-- Work instruction --
Each record here should be printed again exactly; please leave its pictures out.
Segment Start: Data listing
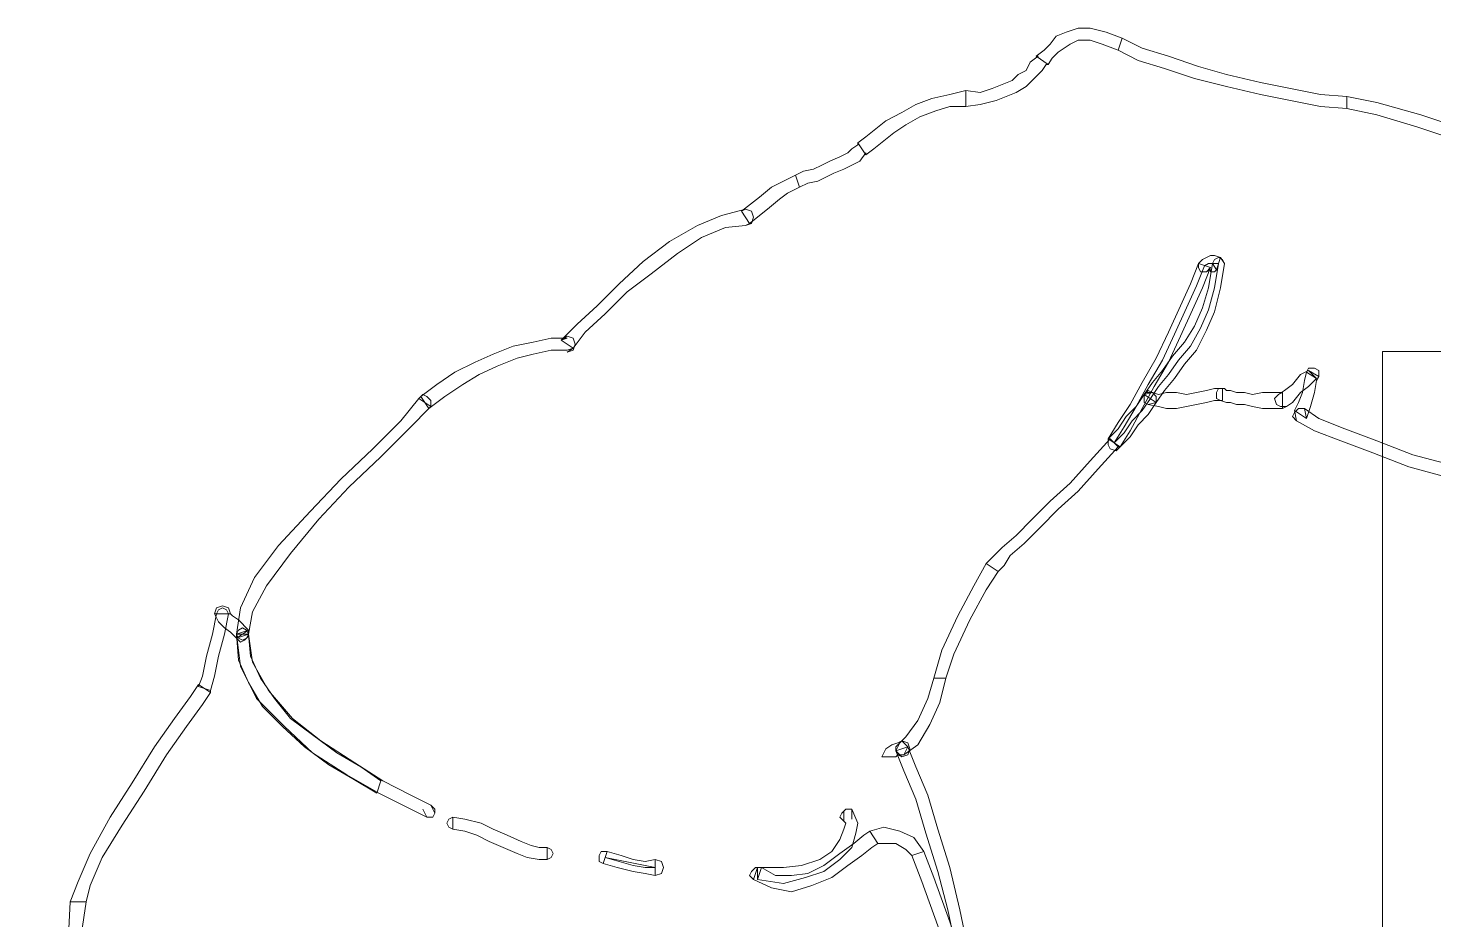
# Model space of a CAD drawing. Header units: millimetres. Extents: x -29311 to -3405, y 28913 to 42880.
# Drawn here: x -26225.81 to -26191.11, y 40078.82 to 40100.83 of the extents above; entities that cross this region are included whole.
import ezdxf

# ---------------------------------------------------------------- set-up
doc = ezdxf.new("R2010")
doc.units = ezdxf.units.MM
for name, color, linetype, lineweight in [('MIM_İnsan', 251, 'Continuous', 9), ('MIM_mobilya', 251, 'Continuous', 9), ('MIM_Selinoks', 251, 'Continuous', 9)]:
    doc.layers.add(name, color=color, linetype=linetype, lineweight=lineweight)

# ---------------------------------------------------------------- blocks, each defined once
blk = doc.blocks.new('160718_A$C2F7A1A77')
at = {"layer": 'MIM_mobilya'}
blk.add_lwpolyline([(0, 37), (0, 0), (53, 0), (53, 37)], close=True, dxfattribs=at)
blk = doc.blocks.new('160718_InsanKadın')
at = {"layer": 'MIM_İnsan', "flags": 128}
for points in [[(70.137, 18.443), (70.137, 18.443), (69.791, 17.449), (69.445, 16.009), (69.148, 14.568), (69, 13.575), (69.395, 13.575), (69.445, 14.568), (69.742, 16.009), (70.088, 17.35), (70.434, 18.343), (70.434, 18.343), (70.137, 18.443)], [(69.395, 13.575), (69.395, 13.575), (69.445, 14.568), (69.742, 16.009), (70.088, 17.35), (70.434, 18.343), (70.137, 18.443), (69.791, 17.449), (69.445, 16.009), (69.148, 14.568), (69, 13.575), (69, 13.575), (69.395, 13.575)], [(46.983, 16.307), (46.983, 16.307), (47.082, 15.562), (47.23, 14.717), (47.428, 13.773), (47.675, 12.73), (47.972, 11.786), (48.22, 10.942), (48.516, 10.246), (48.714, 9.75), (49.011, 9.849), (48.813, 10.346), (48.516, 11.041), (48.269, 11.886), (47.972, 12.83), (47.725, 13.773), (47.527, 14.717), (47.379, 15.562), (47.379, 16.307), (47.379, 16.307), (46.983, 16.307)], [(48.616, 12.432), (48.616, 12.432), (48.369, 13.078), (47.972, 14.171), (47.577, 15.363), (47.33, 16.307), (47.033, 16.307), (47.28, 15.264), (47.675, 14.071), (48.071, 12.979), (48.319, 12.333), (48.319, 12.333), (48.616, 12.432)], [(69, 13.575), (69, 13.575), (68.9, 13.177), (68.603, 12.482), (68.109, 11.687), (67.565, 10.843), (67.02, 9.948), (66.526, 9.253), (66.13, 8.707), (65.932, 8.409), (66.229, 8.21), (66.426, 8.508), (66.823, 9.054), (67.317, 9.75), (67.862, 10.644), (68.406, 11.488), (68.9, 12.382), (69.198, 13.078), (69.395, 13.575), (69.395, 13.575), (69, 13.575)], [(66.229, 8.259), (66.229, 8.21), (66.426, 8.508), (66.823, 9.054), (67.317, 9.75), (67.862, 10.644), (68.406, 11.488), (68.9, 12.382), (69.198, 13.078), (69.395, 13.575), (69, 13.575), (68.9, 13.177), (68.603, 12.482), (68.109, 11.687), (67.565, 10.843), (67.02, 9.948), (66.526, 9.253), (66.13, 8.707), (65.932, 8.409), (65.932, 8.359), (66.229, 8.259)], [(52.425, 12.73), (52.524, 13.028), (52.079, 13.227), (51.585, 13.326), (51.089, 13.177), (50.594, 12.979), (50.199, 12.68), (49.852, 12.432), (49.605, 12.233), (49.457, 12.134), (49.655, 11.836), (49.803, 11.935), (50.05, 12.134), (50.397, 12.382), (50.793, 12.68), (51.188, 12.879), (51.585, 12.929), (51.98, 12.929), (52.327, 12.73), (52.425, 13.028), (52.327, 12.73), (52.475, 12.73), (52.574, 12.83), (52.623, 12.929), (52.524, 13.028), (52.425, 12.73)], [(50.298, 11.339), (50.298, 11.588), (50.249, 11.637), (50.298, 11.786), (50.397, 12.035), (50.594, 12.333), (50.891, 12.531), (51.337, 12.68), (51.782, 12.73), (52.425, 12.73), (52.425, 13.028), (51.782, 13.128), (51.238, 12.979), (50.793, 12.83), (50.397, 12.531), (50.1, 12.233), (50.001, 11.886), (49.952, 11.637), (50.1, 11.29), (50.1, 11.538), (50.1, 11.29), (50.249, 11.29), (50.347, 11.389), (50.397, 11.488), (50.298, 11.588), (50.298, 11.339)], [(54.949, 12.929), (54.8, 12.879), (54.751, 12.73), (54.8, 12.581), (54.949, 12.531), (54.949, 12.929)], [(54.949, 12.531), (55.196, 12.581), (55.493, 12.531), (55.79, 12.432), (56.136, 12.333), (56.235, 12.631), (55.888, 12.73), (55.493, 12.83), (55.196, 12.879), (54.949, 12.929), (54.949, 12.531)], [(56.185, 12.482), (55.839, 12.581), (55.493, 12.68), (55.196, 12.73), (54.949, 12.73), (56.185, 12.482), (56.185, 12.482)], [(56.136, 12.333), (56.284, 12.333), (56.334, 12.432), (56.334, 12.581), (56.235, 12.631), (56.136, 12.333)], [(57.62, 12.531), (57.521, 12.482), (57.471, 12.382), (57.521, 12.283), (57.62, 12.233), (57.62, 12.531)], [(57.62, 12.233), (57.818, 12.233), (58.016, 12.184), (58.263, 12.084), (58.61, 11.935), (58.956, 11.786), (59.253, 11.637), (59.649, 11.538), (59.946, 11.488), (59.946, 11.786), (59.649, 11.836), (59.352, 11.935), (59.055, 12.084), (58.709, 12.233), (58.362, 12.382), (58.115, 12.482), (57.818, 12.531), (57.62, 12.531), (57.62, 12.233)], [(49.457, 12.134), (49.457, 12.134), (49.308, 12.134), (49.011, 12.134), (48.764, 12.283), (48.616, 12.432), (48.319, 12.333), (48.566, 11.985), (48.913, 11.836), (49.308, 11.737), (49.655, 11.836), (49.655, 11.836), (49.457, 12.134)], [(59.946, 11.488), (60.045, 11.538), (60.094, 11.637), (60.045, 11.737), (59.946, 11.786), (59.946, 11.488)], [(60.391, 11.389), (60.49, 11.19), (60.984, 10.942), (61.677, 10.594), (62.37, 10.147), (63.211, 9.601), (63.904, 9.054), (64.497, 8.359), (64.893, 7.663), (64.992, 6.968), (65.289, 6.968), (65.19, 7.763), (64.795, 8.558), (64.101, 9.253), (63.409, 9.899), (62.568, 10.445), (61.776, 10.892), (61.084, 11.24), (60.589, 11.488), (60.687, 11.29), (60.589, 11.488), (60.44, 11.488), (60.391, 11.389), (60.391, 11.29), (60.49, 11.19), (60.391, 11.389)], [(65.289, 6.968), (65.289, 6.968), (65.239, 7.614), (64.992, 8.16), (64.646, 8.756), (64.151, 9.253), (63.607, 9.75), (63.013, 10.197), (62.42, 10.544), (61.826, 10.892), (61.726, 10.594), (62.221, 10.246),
Segment End: Data listing
-- Task solution --
# Model space of a CAD drawing. Header units: millimetres. Extents: x -29311 to -3405, y 28913 to 42880.
# Drawn here: x -26225.81 to -26191.11, y 40078.82 to 40100.83 of the extents above; entities that cross this region are included whole.
import ezdxf

# ---------------------------------------------------------------- set-up
doc = ezdxf.new("R2010")
doc.units = ezdxf.units.MM
for name, color, linetype, lineweight in [('MIM_İnsan', 251, 'Continuous', 9), ('MIM_mobilya', 251, 'Continuous', 9), ('MIM_Selinoks', 251, 'Continuous', 9)]:
    doc.layers.add(name, color=color, linetype=linetype, lineweight=lineweight)

# ---------------------------------------------------------------- blocks, each defined once
blk = doc.blocks.new('160718_A$C2F7A1A77')
at = {"layer": 'MIM_mobilya'}
blk.add_lwpolyline([(0, 37), (0, 0), (53, 0), (53, 37)], close=True, dxfattribs=at)
blk = doc.blocks.new('160718_InsanKadın')
at = {"layer": 'MIM_İnsan', "flags": 128}
for points in [[(70.137, 18.443), (70.137, 18.443), (69.791, 17.449), (69.445, 16.009), (69.148, 14.568), (69, 13.575), (69.395, 13.575), (69.445, 14.568), (69.742, 16.009), (70.088, 17.35), (70.434, 18.343), (70.434, 18.343), (70.137, 18.443)], [(69.395, 13.575), (69.395, 13.575), (69.445, 14.568), (69.742, 16.009), (70.088, 17.35), (70.434, 18.343), (70.137, 18.443), (69.791, 17.449), (69.445, 16.009), (69.148, 14.568), (69, 13.575), (69, 13.575), (69.395, 13.575)], [(46.983, 16.307), (46.983, 16.307), (47.082, 15.562), (47.23, 14.717), (47.428, 13.773), (47.675, 12.73), (47.972, 11.786), (48.22, 10.942), (48.516, 10.246), (48.714, 9.75), (49.011, 9.849), (48.813, 10.346), (48.516, 11.041), (48.269, 11.886), (47.972, 12.83), (47.725, 13.773), (47.527, 14.717), (47.379, 15.562), (47.379, 16.307), (47.379, 16.307), (46.983, 16.307)], [(48.616, 12.432), (48.616, 12.432), (48.369, 13.078), (47.972, 14.171), (47.577, 15.363), (47.33, 16.307), (47.033, 16.307), (47.28, 15.264), (47.675, 14.071), (48.071, 12.979), (48.319, 12.333), (48.319, 12.333), (48.616, 12.432)], [(69, 13.575), (69, 13.575), (68.9, 13.177), (68.603, 12.482), (68.109, 11.687), (67.565, 10.843), (67.02, 9.948), (66.526, 9.253), (66.13, 8.707), (65.932, 8.409), (66.229, 8.21), (66.426, 8.508), (66.823, 9.054), (67.317, 9.75), (67.862, 10.644), (68.406, 11.488), (68.9, 12.382), (69.198, 13.078), (69.395, 13.575), (69.395, 13.575), (69, 13.575)], [(66.229, 8.259), (66.229, 8.21), (66.426, 8.508), (66.823, 9.054), (67.317, 9.75), (67.862, 10.644), (68.406, 11.488), (68.9, 12.382), (69.198, 13.078), (69.395, 13.575), (69, 13.575), (68.9, 13.177), (68.603, 12.482), (68.109, 11.687), (67.565, 10.843), (67.02, 9.948), (66.526, 9.253), (66.13, 8.707), (65.932, 8.409), (65.932, 8.359), (66.229, 8.259)], [(52.425, 12.73), (52.524, 13.028), (52.079, 13.227), (51.585, 13.326), (51.089, 13.177), (50.594, 12.979), (50.199, 12.68), (49.852, 12.432), (49.605, 12.233), (49.457, 12.134), (49.655, 11.836), (49.803, 11.935), (50.05, 12.134), (50.397, 12.382), (50.793, 12.68), (51.188, 12.879), (51.585, 12.929), (51.98, 12.929), (52.327, 12.73), (52.425, 13.028), (52.327, 12.73), (52.475, 12.73), (52.574, 12.83), (52.623, 12.929), (52.524, 13.028), (52.425, 12.73)], [(50.298, 11.339), (50.298, 11.588), (50.249, 11.637), (50.298, 11.786), (50.397, 12.035), (50.594, 12.333), (50.891, 12.531), (51.337, 12.68), (51.782, 12.73), (52.425, 12.73), (52.425, 13.028), (51.782, 13.128), (51.238, 12.979), (50.793, 12.83), (50.397, 12.531), (50.1, 12.233), (50.001, 11.886), (49.952, 11.637), (50.1, 11.29), (50.1, 11.538), (50.1, 11.29), (50.249, 11.29), (50.347, 11.389), (50.397, 11.488), (50.298, 11.588), (50.298, 11.339)], [(54.949, 12.929), (54.8, 12.879), (54.751, 12.73), (54.8, 12.581), (54.949, 12.531), (54.949, 12.929)], [(54.949, 12.531), (55.196, 12.581), (55.493, 12.531), (55.79, 12.432), (56.136, 12.333), (56.235, 12.631), (55.888, 12.73), (55.493, 12.83), (55.196, 12.879), (54.949, 12.929), (54.949, 12.531)], [(56.185, 12.482), (55.839, 12.581), (55.493, 12.68), (55.196, 12.73), (54.949, 12.73), (56.185, 12.482), (56.185, 12.482)], [(56.136, 12.333), (56.284, 12.333), (56.334, 12.432), (56.334, 12.581), (56.235, 12.631), (56.136, 12.333)], [(57.62, 12.531), (57.521, 12.482), (57.471, 12.382), (57.521, 12.283), (57.62, 12.233), (57.62, 12.531)], [(57.62, 12.233), (57.818, 12.233), (58.016, 12.184), (58.263, 12.084), (58.61, 11.935), (58.956, 11.786), (59.253, 11.637), (59.649, 11.538), (59.946, 11.488), (59.946, 11.786), (59.649, 11.836), (59.352, 11.935), (59.055, 12.084), (58.709, 12.233), (58.362, 12.382), (58.115, 12.482), (57.818, 12.531), (57.62, 12.531), (57.62, 12.233)], [(49.457, 12.134), (49.457, 12.134), (49.308, 12.134), (49.011, 12.134), (48.764, 12.283), (48.616, 12.432), (48.319, 12.333), (48.566, 11.985), (48.913, 11.836), (49.308, 11.737), (49.655, 11.836), (49.655, 11.836), (49.457, 12.134)], [(59.946, 11.488), (60.045, 11.538), (60.094, 11.637), (60.045, 11.737), (59.946, 11.786), (59.946, 11.488)], [(60.391, 11.389), (60.49, 11.19), (60.984, 10.942), (61.677, 10.594), (62.37, 10.147), (63.211, 9.601), (63.904, 9.054), (64.497, 8.359), (64.893, 7.663), (64.992, 6.968), (65.289, 6.968), (65.19, 7.763), (64.795, 8.558), (64.101, 9.253), (63.409, 9.899), (62.568, 10.445), (61.776, 10.892), (61.084, 11.24), (60.589, 11.488), (60.687, 11.29), (60.589, 11.488), (60.44, 11.488), (60.391, 11.389), (60.391, 11.29), (60.49, 11.19), (60.391, 11.389)], [(65.289, 6.968), (65.289, 6.968), (65.239, 7.614), (64.992, 8.16), (64.646, 8.756), (64.151, 9.253), (63.607, 9.75), (63.013, 10.197), (62.42, 10.544), (61.826, 10.892), (61.726, 10.594), (62.221, 10.246),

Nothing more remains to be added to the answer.